The real estate market has moved away from its traditional buyer’s or seller’s market dynamics, leaving buyers and sellers at an impasse. Sellers who expected prices to continue to skyrocket like they did during the pandemic are now facing a more realistic scenario.
According to data from Realtor.com, sales of previously owned homes have decreased significantly this year, with 4 million annually being a slower rate than in previous years. Homes spent 63 days on the market, marking the 19th straight month of delays compared to last year.
Many sellers are still pricing their homes high, hoping for similar results as during the pandemic rush. However, most real estate agents agree that this approach is unrealistic and won’t yield desired prices. Some sellers may be emotionally attached to their home’s value or have unrealistic expectations due to market trends.
To navigate this challenging market, some brokers offer “private listings” – a service where homeowners can list their properties internally before making them publicly available.
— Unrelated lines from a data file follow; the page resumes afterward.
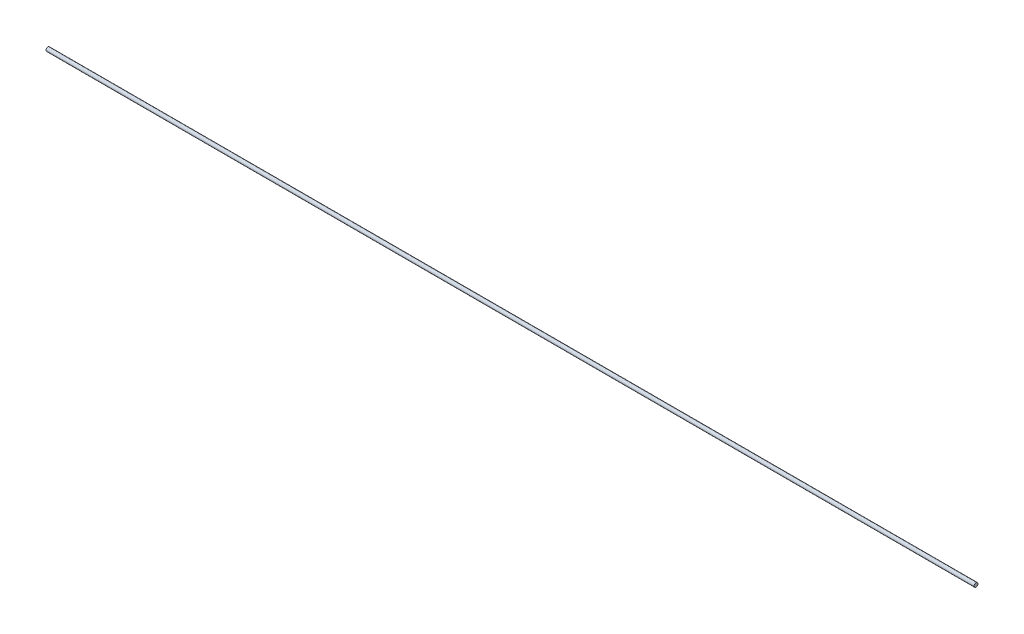
ISO-10303-21;
HEADER;
FILE_DESCRIPTION(('STEP AP214'),'2;1');
FILE_NAME('part.step','',(''),(''),'','','');
FILE_SCHEMA(('AUTOMOTIVE_DESIGN { 1 0 10303 214 1 1 1 1 }'));
ENDSEC;
DATA;
#1=APPLICATION_CONTEXT('core data for automotive mechanical design processes');
#2=APPLICATION_PROTOCOL_DEFINITION('international standard','automotive_design',2000,#1);
#3=PRODUCT_CONTEXT('',#1,'mechanical');
#4=PRODUCT('Part','Part','',(#3));
#5=PRODUCT_RELATED_PRODUCT_CATEGORY('part','',(#4));
#6=PRODUCT_DEFINITION_FORMATION('','',#4);
#7=PRODUCT_DEFINITION_CONTEXT('part definition',#1,'design');
#8=PRODUCT_DEFINITION('design','',#6,#7);
#9=PRODUCT_DEFINITION_SHAPE('','',#8);
#10=(LENGTH_UNIT() NAMED_UNIT(*) SI_UNIT(.MILLI.,.METRE.));
#11=(NAMED_UNIT(*) PLANE_ANGLE_UNIT() SI_UNIT($,.RADIAN.));
#12=(NAMED_UNIT(*) SI_UNIT($,.STERADIAN.) SOLID_ANGLE_UNIT());
#13=UNCERTAINTY_MEASURE_WITH_UNIT(LENGTH_MEASURE(1.E-05),#10,'distance_accuracy_value','');
#14=(GEOMETRIC_REPRESENTATION_CONTEXT(3) GLOBAL_UNCERTAINTY_ASSIGNED_CONTEXT((#13)) GLOBAL_UNIT_ASSIGNED_CONTEXT((#10,
#11,#12)) REPRESENTATION_CONTEXT('',''));
#15=CARTESIAN_POINT('',(0.,0.,0.));
#16=DIRECTION('',(0.,0.,1.));
#17=DIRECTION('',(1.,0.,0.));
#18=AXIS2_PLACEMENT_3D('',#15,#16,#17);
#19=CARTESIAN_POINT('',(1524.,0.,0.));
#20=DIRECTION('',(-1.,0.,0.));
#21=DIRECTION('',(0.,0.,1.));
#22=AXIS2_PLACEMENT_3D('',#19,#20,#21);
#23=CYLINDRICAL_SURFACE('',#22,3.175);
#24=CARTESIAN_POINT('',(1524.,0.,0.));
#25=DIRECTION('',(1.,0.,0.));
#26=DIRECTION('',(0.,0.,-1.));
#27=AXIS2_PLACEMENT_3D('',#24,#25,#26);
#28=CIRCLE('',#27,3.175);
#29=CARTESIAN_POINT('',(1524.,0.,-3.175));
#30=VERTEX_POINT('',#29);
#31=EDGE_CURVE('E10',#30,#30,#28,.T.);
#32=ORIENTED_EDGE('',*,*,#31,.F.);
#33=EDGE_LOOP('',(#32));
#34=FACE_BOUND('',#33,.T.);
#35=CARTESIAN_POINT('',(0.,0.,0.));
#36=DIRECTION('',(1.,0.,0.));
#37=DIRECTION('',(0.,0.,-1.));
#38=AXIS2_PLACEMENT_3D('',#35,#36,#37);
#39=CIRCLE('',#38,3.175);
#40=CARTESIAN_POINT('',(0.,0.,-3.175));
#41=VERTEX_POINT('',#40);
#42=EDGE_CURVE('E35',#41,#41,#39,.T.);
#43=ORIENTED_EDGE('',*,*,#42,.T.);
#44=EDGE_LOOP('',(#43));
#45=FACE_BOUND('',#44,.T.);
#46=ADVANCED_FACE('F32',(#34,#45),#23,.T.);
#47=CARTESIAN_POINT('',(1524.,0.,0.));
#48=DIRECTION('',(1.,0.,0.));
#49=DIRECTION('',(0.,0.,-1.));
#50=AXIS2_PLACEMENT_3D('',#47,#48,#49);
#51=PLANE('',#50);
#52=ORIENTED_EDGE('',*,*,#31,.T.);
#53=EDGE_LOOP('',(#52));
#54=FACE_BOUND('',#53,.T.);
#55=ADVANCED_FACE('F47',(#54),#51,.T.);
#56=CARTESIAN_POINT('',(0.,0.,0.));
#57=DIRECTION('',(1.,0.,0.));
#58=DIRECTION('',(0.,0.,-1.));
#59=AXIS2_PLACEMENT_3D('',#56,#57,#58);
#60=PLANE('',#59);
#61=ORIENTED_EDGE('',*,*,#42,.F.);
#62=EDGE_LOOP('',(#61));
#63=FACE_BOUND('',#62,.T.);
#64=ADVANCED_FACE('F45',(#63),#60,.F.);
#65=CLOSED_SHELL('',(#46,#55,#64));
#66=MANIFOLD_SOLID_BREP('B2',#65);
#67=ADVANCED_BREP_SHAPE_REPRESENTATION('',(#18,#66),#14);
#68=SHAPE_DEFINITION_REPRESENTATION(#9,#67);
ENDSEC;
END-ISO-10303-21;

This tool helps agents gauge prices more accurately and build anticipation for the sale.
Real estate experts attribute the current state of the market to buyers and sellers being far apart in terms of expectations. The increase in homes being listed with price reductions, delistings, and prolonged sales periods indicates that both parties are struggling to meet each other’s demands.
As one broker noted, “It’s like a divorce – when two owners can’t come to a meeting of the minds.”